_Problem requirements_: State the number of lines in the records that contain "FIXT", with no other words.

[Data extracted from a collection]
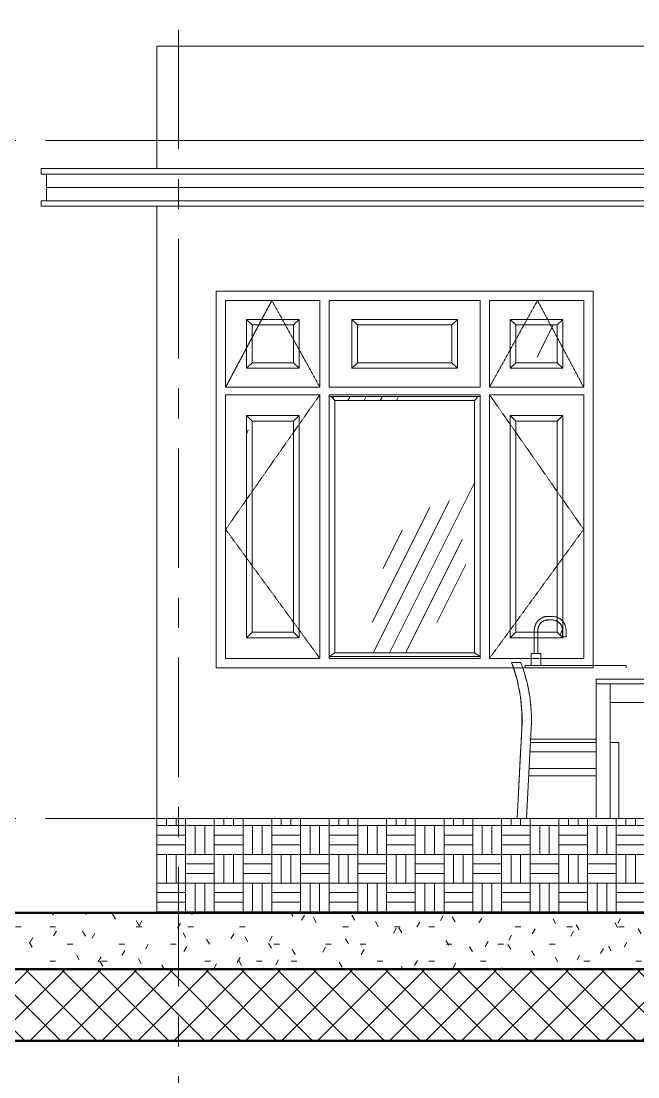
# Model space of a CAD drawing. Header units: millimetres. Extents: x 2164007 to 2324354, y -2513385 to -2308978.
# Drawn here: x 2254435 to 2257708, y -2502582 to -2496977 of the extents above; entities that cross this region are included whole.
import ezdxf

# ---------------------------------------------------------------- set-up
doc = ezdxf.new("R2010")
doc.units = ezdxf.units.MM
doc.linetypes.add('Dash 1_16_', pattern=[3.175, 1.5875, -1.5875])
doc.linetypes.add('Grid Line', pattern=[22.224999999999994, 12.7, -3.174999999999999, 3.174999999999999, -3.174999999999999])
for name, color, linetype, lineweight in [('A-DETL-GENF', 8, 'Continuous', 9), ('A-DETL-WIDE', 214, 'Continuous', 50), ('A-FLOR', 8, 'Continuous', 13), ('A-FLOR-PATT', 8, 'Continuous', 13), ('A-GLAZ', 8, 'Continuous', 13), ('A-WALL', 113, 'Continuous', 20), ('A-WALL-PATT', 8, 'Continuous', 50), ('I-FURN', 8, 'Continuous', 9), ('P-SANR-FIXT', 6, 'Continuous', 9), ('S-GRID', 8, 'Continuous', 9)]:
    doc.layers.add(name, color=color, linetype=linetype, lineweight=lineweight)
pattern_1 = [(58.997, (4651.846, 4116.619000000001), (-920.0859164882585, 2296.706267481752), [992.4019999999998, -595.4409999999999, 992.4019999999998, -1857.911]), (58.997, (4651.846, 4116.619000000001), (-920.0859164882585, 2296.706267481752), [-2580.244999999999, -595.4409999999999, 396.961, -865.5089999999998]), (58.997, (4594.696, 4164.170999999999), (-920.0859164882585, 2296.706267481752), [793.9219999999999, -992.4019999999998, 595.4409999999999, -2056.392]), (58.997, (4594.696, 4164.170999999999), (-920.0859164882585, 2296.706267481752), [-2381.764999999999, -595.4409999999999, 694.6809999999999, -766.2689999999998]), (58.997, (4594.696, 4306.826), (-920.0859164882585, 2296.706267481752), [595.4409999999999, -1190.882, 396.961, -2254.872]), (58.997, (4594.696, 4306.826), (-920.0859164882585, 2296.706267481752), [-2183.284, -595.4409999999999, 893.1619999999998, -766.2689999999998]), (58.997, (4766.146, 4164.170999999999), (-920.0859164882585, 2296.706267481752), [595.4409999999999, -1190.882, 496.2009999999999, -2155.632]), (58.997, (4937.596, 4306.826), (-920.0859164882585, 2296.706267481752), [297.7209999999999, -1488.603, 198.48, -2453.352]), (58.997, (4651.846, 4544.584), (-920.0859164882585, 2296.706267481752), [198.48, -1488.603, 198.48, -2552.592999999999]), (58.997, (4651.846, 4544.584), (-920.0859164882585, 2296.706267481752), [-1885.564, -793.9219999999999, 496.2009999999999, -1262.47]), (58.997, (5680.545999999999, 4401.929), (-920.0859164882585, 2296.706267481752), [992.4019999999998, -1488.603, 1190.882, -786.1169999999998]), (58.997, (5680.545999999999, 4259.274), (-920.0859164882585, 2296.706267481752), [1389.363, -992.4019999999998, 1488.603, -587.6369999999998]), (58.997, (5794.846, 4306.826), (-920.0859164882585, 2296.706267481752), [1587.843, -793.9219999999999, 1190.882, -865.5089999999998]), (58.997, (5966.295999999999, 4449.481), (-920.0859164882585, 2296.706267481752), [992.4019999999998, -1389.363, 793.9219999999999, -1262.47]), (58.997, (5794.846, 4734.791), (-920.0859164882585, 2296.706267481752), [496.2009999999999, -1984.804, 595.4409999999999, -1361.71]), (58.997, (6137.746, 4592.136), (-920.0859164882585, 2296.706267481752), [396.961, -1984.804, 396.961, -1659.431])]
pattern_2 = [(63.435, (4651.846, 2739.3), (-920.0997168973379, 2760.290932305043), [1143, -685.8, 1143, -685.8, -1454.051]), (63.435, (4651.846, 2739.3), (-920.0997168973379, 2760.290932305043), [-3657.6, 457.2, -996.8510000000001]), (63.435, (4594.696, 2796.45), (-920.0997168973379, 2760.290932305043), [914.4, -1143, 685.8, -685.8, -1682.651]), (63.435, (4594.696, 2796.45), (-920.0997168973379, 2760.290932305043), [-3429, 800.1, -882.551]), (63.435, (4594.696, 2967.9), (-920.0997168973379, 2760.290932305043), [685.8, -1371.6, 457.2, -685.8, -1911.251]), (63.435, (4594.696, 2967.9), (-920.0997168973379, 2760.290932305043), [-3200.4, 1028.7, -882.551]), (63.435, (4766.146, 2796.45), (-920.0997168973379, 2760.290932305043), [685.8, -1371.6, 571.5, -2482.751]), (63.435, (4937.596, 2967.9), (-920.0997168973379, 2760.290932305043), [342.9, -1714.5, 228.6, -2825.651]), (63.435, (4651.846, 3253.65), (-920.0997168973379, 2760.290932305043), [228.6, -1714.5, 228.6, -914.4, -2025.551]), (63.435, (4651.846, 3253.65), (-920.0997168973379, 2760.290932305043), [-3086.1, 571.5, -1454.051]), (63.435, (5680.545999999999, 3082.2), (-920.0997168973379, 2760.290932305043), [1143, -1714.5, 1371.6, -905.4110000000001]), (63.435, (5680.545999999999, 2910.75), (-920.0997168973379, 2760.290932305043), [1600.2, -1143, 1714.5, -676.811]), (63.435, (5794.846, 2967.9), (-920.0997168973379, 2760.290932305043), [1828.8, -914.4, 1371.6, -996.8510000000001]), (63.435, (5966.295999999999, 3139.35), (-920.0997168973379, 2760.290932305043), [1143, -1600.2, 914.4, -1454.051]), (63.435, (5794.846, 3482.25), (-920.0997168973379, 2760.290932305043), [571.5, -2286, 685.8, -1568.351]), (63.435, (6137.746, 3310.8), (-920.0997168973379, 2760.290932305043), [457.2, -2286, 457.2, -1911.251])]
pattern_3 = [(67.411, (1140.85, 2739.3), (-765.545300334225, 2760.297851282209), [1107.272, -664.363, 1107.272, -2072.964]), (67.411, (1140.85, 2739.3), (-765.545300334225, 2760.297851282209), [-2878.908, -664.363, 442.909, -965.692]), (67.411, (1093.298, 2796.45), (-765.545300334225, 2760.297851282209), [885.818, -1107.272, 664.363, -2294.419]), (67.411, (1093.298, 2796.45), (-765.545300334225, 2760.297851282209), [-2657.454, -664.363, 775.091, -854.965]), (67.411, (1093.298, 2967.9), (-765.545300334225, 2760.297851282209), [664.363, -1328.727, 442.909, -2515.873]), (67.411, (1093.298, 2967.9), (-765.545300334225, 2760.297851282209), [-2435.999, -664.363, 996.545, -854.965]), (67.411, (1235.953, 2796.45), (-765.545300334225, 2760.297851282209), [664.363, -1328.727, 553.636, -2405.146]), (67.411, (1378.608, 2967.9), (-765.545300334225, 2760.297851282209), [332.182, -1660.909, 221.454, -2737.328]), (67.411, (1140.85, 3253.65), (-765.545300334225, 2760.297851282209), [221.454, -1660.909, 221.454, -2848.055]), (67.411, (1140.85, 3253.65), (-765.545300334225, 2760.297851282209), [-2103.818, -885.818, 553.636, -1408.601]), (67.411, (1996.78, 3082.2), (-765.545300334225, 2760.297851282209), [1107.272, -1660.909, 1328.727, -877.11]), (67.411, (1996.78, 2910.75), (-765.545300334225, 2760.297851282209), [1550.181, -1107.272, 1660.909, -655.6560000000001]), (67.411, (2091.883, 2967.9), (-765.545300334225, 2760.297851282209), [1771.636, -885.818, 1328.727, -965.692]), (67.411, (2234.538, 3139.35), (-765.545300334225, 2760.297851282209), [1107.272, -1550.181, 885.818, -1408.601]), (67.411, (2091.883, 3482.25), (-765.545300334225, 2760.297851282209), [553.636, -2214.545, 664.363, -1519.328]), (67.411, (2377.193, 3310.8), (-765.545300334225, 2760.297851282209), [442.909, -2214.545, 442.909, -1851.51])]

# ---------------------------------------------------------------- blocks, each defined once
blk = doc.blocks.new('M_Sink Kitchen-Triple - 1100 x 535mm-319208-MC B-B')
at = {"layer": 'P-SANR-FIXT'}
for p, q in [((-2145.813450901416, 1073.050000000045), (-2168.038450901323, 1073.050000000045)), ((-2168.038450901323, 1054.000000000045), (-2145.813450901416, 1054.000000000045)), ((-2241.063450901319, 1000.025000000051), (-2241.063450901319, 876.2000000000771)), ((-2222.013450901321, 876.2000000000771), (-2222.013450901321, 1000.025000000051)), ((-2091.838450901418, 1000.025000000047), (-2091.838450901418, 965.1000000000482)), ((-2072.788450901411, 965.1000000000541), (-2091.838450901411, 965.1000000000541)), ((-2072.788450901418, 965.1000000000482), (-2072.788450901418, 1000.025000000047)), ((-2256.938450901328, 876.2000000000771), (-2256.938450901328, 812.7000000000438)), ((-2256.938450901323, 876.2000000000771), (-2256.938450901323, 812.7000000000438)), ((-2256.301619870738, 876.2000000000844), (-2231.538450901319, 876.2000000000844)), ((-2256.301619870736, 876.2000000000844), (-2256.301619870736, 876.2000000000844)), ((-2231.538450901319, 876.2000000000844), (-2206.775281931898, 876.2000000000844)), ((-2206.775281931896, 876.2000000000844), (-2206.775281931896, 876.2000000000844)), ((-2206.138450901322, 812.7000000000438), (-2206.138450901322, 876.2000000000771)), ((-2206.138450901322, 812.7000000000438), (-2206.138450901322, 876.2000000000771)), ((-2288.688450901323, 812.700000000052), (-1753.688450901323, 812.700000000052)), ((-2288.688450901323, 799.9999999999967), (-2288.688450901323, 812.700000000052)), ((-1753.688450901323, 799.9999999999967), (-1753.688450901323, 812.700000000052))]:
    blk.add_line(p, q, dxfattribs=at)
at = {"layer": 'P-SANR-FIXT', "flags": 128}
for points in [[(-2168.038450901323, 1073.050000000045), (-2170.958672030302, 1072.991587788966), (-2173.874221428421, 1072.816444602795), (-2176.780434838596, 1072.524850633276), (-2179.672662939327, 1072.117272368554), (-2182.546278782632, 1071.594361846904), (-2185.396685196164, 1070.956955613613), (-2188.219322137717, 1070.206073382692), (-2191.009673990314, 1069.342916405519), (-2193.763276786236, 1068.368865549128), (-2196.475725348413, 1067.285479087107), (-2199.142680337765, 1066.094490206683), (-2201.759875195241, 1064.797804236003), (-2204.323122967362, 1063.397495596006), (-2206.828323004495, 1061.895804481804), (-2209.271467520993, 1060.295133278829), (-2211.64864800681, 1058.598042719545), (-2213.956061480271, 1056.807247786835), (-2216.190016572036, 1054.925613370563), (-2218.346939430521, 1052.956149684403), (-2220.423379439257, 1050.902007450126), (-2222.416014737194, 1048.766472857112), (-2224.321657532917, 1046.552962305149), (-2226.137259204475, 1044.265016938936), (-2227.8599151765, 1041.906296982987), (-2229.486869566916, 1039.480575886071), (-2231.015519595765, 1036.991734284472), (-2232.443419749093, 1034.443753793837), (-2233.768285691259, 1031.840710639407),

_Solved problem_: 3